I'm normally not a terribly anxious person but am finally considering dating again after breaking up with LT BF over a year ago. A guy in a social group I belong to asked me on a date. I wasn't able to make it that time but we're maybe gonna go out in a few weeks when I return from a trip. I feel like I'm finally sort of ready to dip my toe into dating and attempting to do so minus OLD because it's not really a format that I like.

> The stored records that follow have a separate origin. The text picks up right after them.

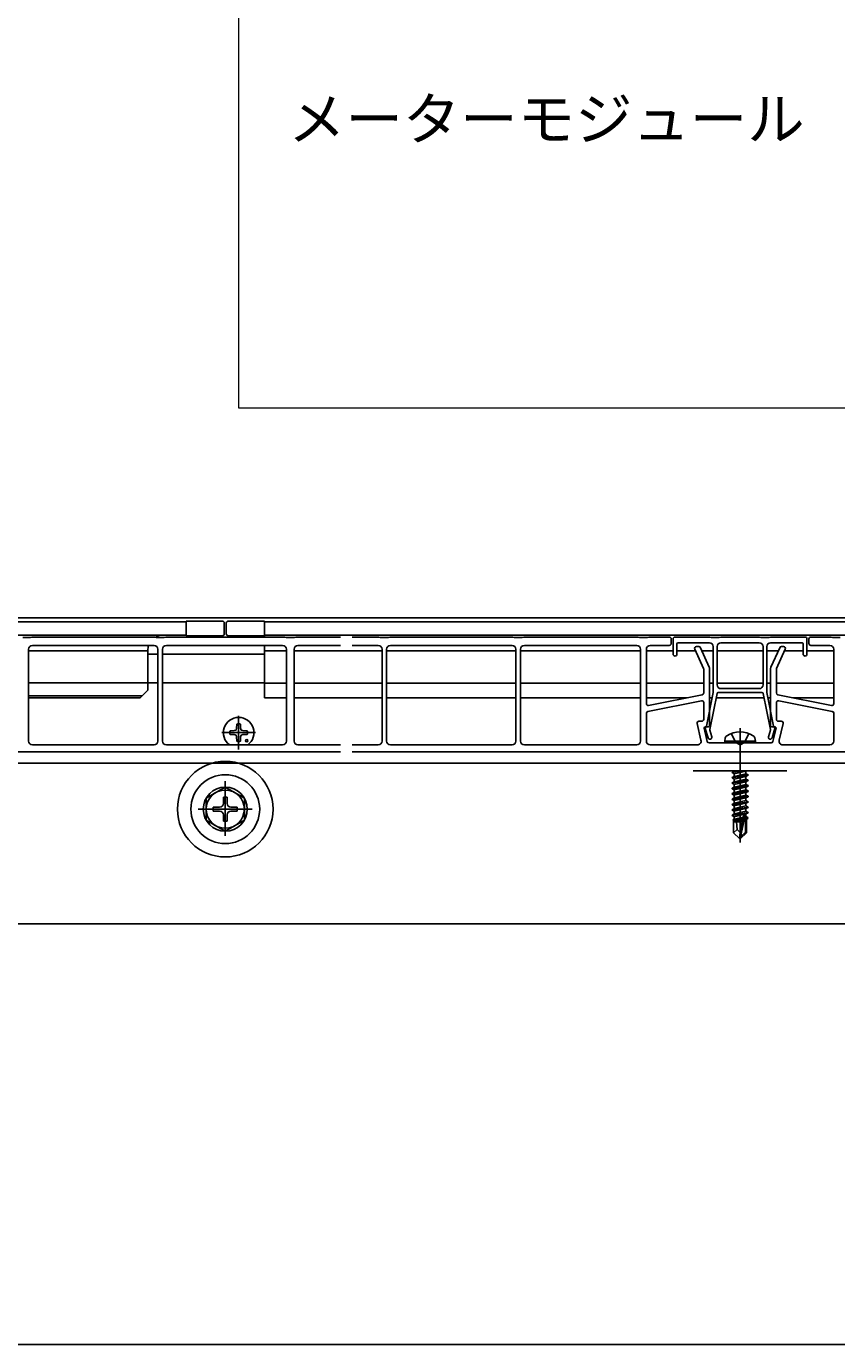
# Model space of a CAD drawing. Units: millimetres, scale not verified. Extents: x -875 to 875, y -1304 to 1298.
# Drawn here: x -335.5 to -123.7, y -886 to -541.3 of the extents above; entities that cross this region are included whole.
import ezdxf
from ezdxf.enums import TextEntityAlignment as Align

# ---------------------------------------------------------------- set-up
doc = ezdxf.new("R2010")
doc.units = ezdxf.units.MM
doc.header["$LTSCALE"] = 8
doc.layers.add('0-1_TABLE1', color=7, linetype='Continuous', lineweight=18)
doc.layers.add('0-4_YKK_12', color=2, linetype='Continuous')
doc.layers.add('0-5_YKK_13', color=4, linetype='Continuous')
doc.styles.add('ＭＳ ゴシック', font='')
doc.styles.get('ＭＳ ゴシック').set_extended_font_data('MS Gothic')

msp = doc.modelspace()

# ---------------------------------------------------------------- linework, layer by layer
at = {"layer": '0-1_TABLE1'}
for p, q in [((-280, -311.1), (-280, -641.1)), ((-280, -641.1), (210, -641.1))]:
    msp.add_line(p, q, dxfattribs=at)
at = {"layer": '0-4_YKK_12'}
for p, q in [((-293.75, -696.992), (-570.5, -696.992)), ((-293.75, -696.992), (-570.5, -696.992)), ((-293.75, -696.992), (-293.75, -700.492)), ((-293.75, -696.992), (-293.75, -698.192)), ((-273.25, -696.992), (-11.25, -696.992)), ((-273.25, -696.992), (-273.25, -700.992)), ((-299.75, -700.492), (-564.5, -700.492)), ((-299.75, -700.492), (-293.75, -700.492)), ((-273.25, -700.492), (-11.25, -700.492)), ((-303.75, -704.592), (-334.9, -704.592)), ((-303.75, -704.592), (-307.7, -704.592)), ((-303.75, -704.492), (-303.75, -714.863)), ((-301.1, -705.492), (-303.75, -705.492)), ((-273.25, -705.492), (-299.9, -705.492)), ((-273.25, -703.192), (-273.25, -716.863)), ((-273.25, -704.592), (-267.5, -704.592)), ((-265.5, -704.592), (-242.5, -704.592)), ((-241.3, -704.592), (-207.5, -704.592)), ((-206.3, -704.592), (-174.9, -704.592)), ((-173.4, -704.592), (-166.4, -704.592)), ((-165.4, -704.592), (-160.548, -704.592)), ((-158.9, -704.592), (-155.9, -704.592)), ((-154.9, -704.592), (-142.9, -704.592)), ((-141.9, -704.592), (-138.899, -704.592)), ((-137.252, -704.592), (-132.4, -704.592)), ((-131.4, -704.592), (-124.4, -704.592)), ((-303.75, -712.943), (-334.9, -712.943)), ((-303.75, -712.943), (-307.7, -712.943)), ((-301.1, -712.992), (-303.75, -712.992)), ((-273.25, -712.992), (-299.9, -712.992)), ((-273.25, -713.064), (-267.5, -713.064)), ((-265.5, -713.064), (-242.5, -713.064)), ((-241.3, -713.064), (-207.5, -713.064)), ((-206.3, -713.064), (-174.9, -713.064)), ((-173.4, -713.064), (-158.4, -713.064)), ((-156.9, -713.064), (-155.9, -713.064)), ((-154.9, -713.064), (-142.9, -713.064)), ((-141.9, -713.064), (-140.9, -713.064)), ((-139.4, -713.064), (-124.4, -713.064)), ((-305.25, -716.363), (-334.9, -716.363)), ((-334.9, -716.863), (-305.75, -716.863)), ((-305.25, -716.363), (-307.7, -716.363)), ((-307.7, -716.863), (-305.75, -716.863)), ((-303.75, -714.863), (-305.75, -716.863)), ((-273.25, -716.863), (-267.5, -716.863)), ((-265.5, -716.863), (-242.5, -716.863)), ((-241.3, -716.863), (-207.5, -716.863)), ((-206.3, -716.863), (-174.9, -716.863)), ((-173.4, -716.863), (-162.757, -716.863)), ((-156.9, -716.863), (-156.174, -716.863)), ((-155.154, -716.863), (-142.646, -716.863)), ((-141.626, -716.863), (-140.9, -716.863)), ((-135.043, -716.863), (-124.4, -716.863)), ((-501, -733.992), (-46, -733.992)), ((-161.15, -735.992), (-136.651, -735.992))]:
    msp.add_line(p, q, dxfattribs=at)
for points in [[(470.718, -695.992), (-577, -695.992), (-577, -696.842)], [(-501, -730.992), (-501, -775.992), (-46, -775.992)], [(-577, -885.992), (509, -885.992), (509, -835.992)]]:
    msp.add_lwpolyline(points, dxfattribs=at)
msp.add_circle((-283.5, -745.992), 9, dxfattribs=at)
for start, end in [(90, 118.95502), (161.03443, 180)]:
    msp.add_arc((-299.75, -704.492), 4, start, end, dxfattribs=at)
at = {"layer": '0-5_YKK_13'}
for p, q in [((-284.25, -696.842), (-293.75, -696.842)), ((-293.75, -700.642), (-293.75, -696.842)), ((-283.75, -700.142), (-283.75, -697.342)), ((-283.25, -700.142), (-283.25, -697.342)), ((-282.75, -696.842), (-273.25, -696.842)), ((-273.25, -700.642), (-273.25, -696.842)), ((-334.573, -701.142), (-336.427, -701.142)), ((-334.07, -701.013), (-334.43, -701.121)), ((-302.073, -700.992), (-333.927, -700.992)), ((-301.57, -701.121), (-301.93, -701.013)), ((-299.573, -701.142), (-301.427, -701.142)), ((-299.07, -701.013), (-299.43, -701.121)), ((-268.073, -700.992), (-298.927, -700.992)), ((-293.75, -700.642), (-284.75, -700.642)), ((-284.75, -700.642), (-284.25, -700.642)), ((-282.25, -700.642), (-282.75, -700.642)), ((-273.25, -700.642), (-282.25, -700.642)), ((-267.57, -701.121), (-267.93, -701.013)), ((-265.573, -701.142), (-267.427, -701.142)), ((-265.07, -701.013), (-265.43, -701.121)), ((-253.35, -700.992), (-264.927, -700.992)), ((-243.473, -700.992), (-250.35, -700.992)), ((-242.97, -701.121), (-243.33, -701.013)), ((-240.973, -701.142), (-242.827, -701.142)), ((-240.47, -701.013), (-240.83, -701.121)), ((-208.473, -700.992), (-240.327, -700.992)), ((-207.97, -701.121), (-208.33, -701.013)), ((-205.973, -701.142), (-207.827, -701.142)), ((-205.47, -701.013), (-205.83, -701.121)), ((-175.723, -700.992), (-205.327, -700.992)), ((-175.22, -701.121), (-175.58, -701.013)), ((-173.223, -701.142), (-175.077, -701.142)), ((-172.72, -701.013), (-173.08, -701.121)), ((-167.4, -700.992), (-172.577, -700.992)), ((-166.9, -702.692), (-166.9, -701.492)), ((-166.4, -705.492), (-166.4, -701.492)), ((-165.9, -700.992), (-156.973, -700.992)), ((-165.4, -702.792), (-165.4, -705.492)), ((-156.9, -702.492), (-165.1, -702.492)), ((-156.83, -701.013), (-156.47, -701.121)), ((-156.327, -701.142), (-154.473, -701.142)), ((-154.33, -701.121), (-153.97, -701.013)), ((-153.827, -700.992), (-143.973, -700.992)), ((-143.83, -701.013), (-143.47, -701.121)), ((-143.327, -701.142), (-141.473, -701.142)), ((-141.33, -701.121), (-140.97, -701.013)), ((-132.7, -702.492), (-140.9, -702.492)), ((-140.827, -700.992), (-131.9, -700.992)), ((-132.4, -705.492), (-132.4, -702.792)), ((-131.4, -701.492), (-131.4, -705.492)), ((-130.9, -701.492), (-130.9, -702.692)), ((-125.223, -700.992), (-130.4, -700.992)), ((-124.72, -701.121), (-125.08, -701.013)), ((-122.723, -701.142), (-124.577, -701.142)), ((-334.9, -704.192), (-334.9, -728.192)), ((-302.1, -703.192), (-333.9, -703.192)), ((-301.1, -728.192), (-301.1, -704.192)), ((-299.9, -704.192), (-299.9, -728.192)), ((-268.5, -703.192), (-298.9, -703.192)), ((-267.5, -728.192), (-267.5, -704.192)), ((-265.5, -728.192), (-265.5, -704.192)), ((-264.5, -703.192), (-253.35, -703.192)), ((-243.5, -703.192), (-250.35, -703.192)), ((-242.5, -728.192), (-242.5, -704.192)), ((-241.3, -704.192), (-241.3, -728.192)), ((-208.5, -703.192), (-240.3, -703.192)), ((-207.5, -728.192), (-207.5, -704.192)), ((-206.3, -704.192), (-206.3, -728.192)), ((-175.9, -703.192), (-205.3, -703.192)), ((-174.9, -728.192), (-174.9, -704.192)), ((-173.4, -718.382), (-173.4, -704.192)), ((-172.4, -703.192), (-167.4, -703.192)), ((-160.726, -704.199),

So I haven't dated dated in a few years and have zero idea about what is appropriate date...wear. I assume not work clothes, probably not athletic wear. I am 40 and want to look nice but not overdressed and not like I'm headed to a PTA meeting. What does one wear on a casual date? Help a sartorially challenged lady out? What is even appropriate anymore. I have no idea where to start and the what to wear anxiety is making me feel like a dumb teenager lol


----------



## ccpowerslave (Nov 21, 2020)

Joanna I have no idea but since you’re interested in running I’m going to guess you look great and the guy asked you because he likes you! You’ll be fine.


----------



## heartsbeating (May 2, 2011)

I'm offering this post in the hopes that it helps you to relax. I'd suggest to dress according to the activity of the date. I like to look 'good' yet that's subjective. What I personally like to wear may not be the next person's cup of tea, however, I'm good with that. I know what I feel good wearing and for the most part, what is flattering on me. And so I write that to suggest leading from that place for yourself. If he doesn't dig your style, eh so be it. Plus dressing for the activity... when my man and I have been to small music gigs, for example, and it's predictable that I'll be standing for hours at said gig, I'd likely wear some heeled boots that are comfy enough for that or potentially wear vans or similar. If we're on some kind of walking tour, I'm absolutely wearing comfy shoes. And the outfit then flows from there and based on weather and such. Similarly, a meal out, my usual attire on from demin are flowing dresses with boots. However, again depends on the venue and weather and such. That's just me though. I've gotten to the end of the paragraph and reflected that even in single night-club days, I'd be the one wearing my own style and not typical to what my peers were wearing. Therefore, I may be the last person you ought to be listening to. Anyway, I'd suggest what you feel good in, what is flattering, and what is practical to what you are doing. Wear the 'good' undergarments though. And choice perfume (if you're into that). Good luck!


----------



## TXTrini (Oct 2, 2013)

joannacroc said:


> I'm normally not a terribly anxious person but am finally considering dating again after breaking up with LT BF over a year ago. A guy in a social group I belong to asked me on a date. I wasn't able to make it that time but we're maybe gonna go out in a few weeks when I return from a trip. I feel like I'm finally sort of ready to dip my toe into dating and attempting to do so minus OLD because it's not really a format that I like.
> 
> So I haven't dated dated in a few years and have zero idea about what is appropriate date...wear. I assume not work clothes, probably not athletic wear. I am 40 and want to look nice but not overdressed and not like I'm headed to a PTA meeting. What does one wear on a casual date? Help a sartorially challenged lady out? What is even appropriate anymore. I have no idea where to start and the what to wear anxiety is making me feel like a dumb teenager lol


Are you a jeans girl or a dress girl?

I personally like dresses, they're comfy and easy. Yesterday for casual but comfy date night, I wore a colorful sleeveless v-neck peplum top (fit and flare) and black silk shorts and wedge sandals. Otherwise short sundresses, mini skirts and tops. I always do my hair and makeup too since I don't when we stay in.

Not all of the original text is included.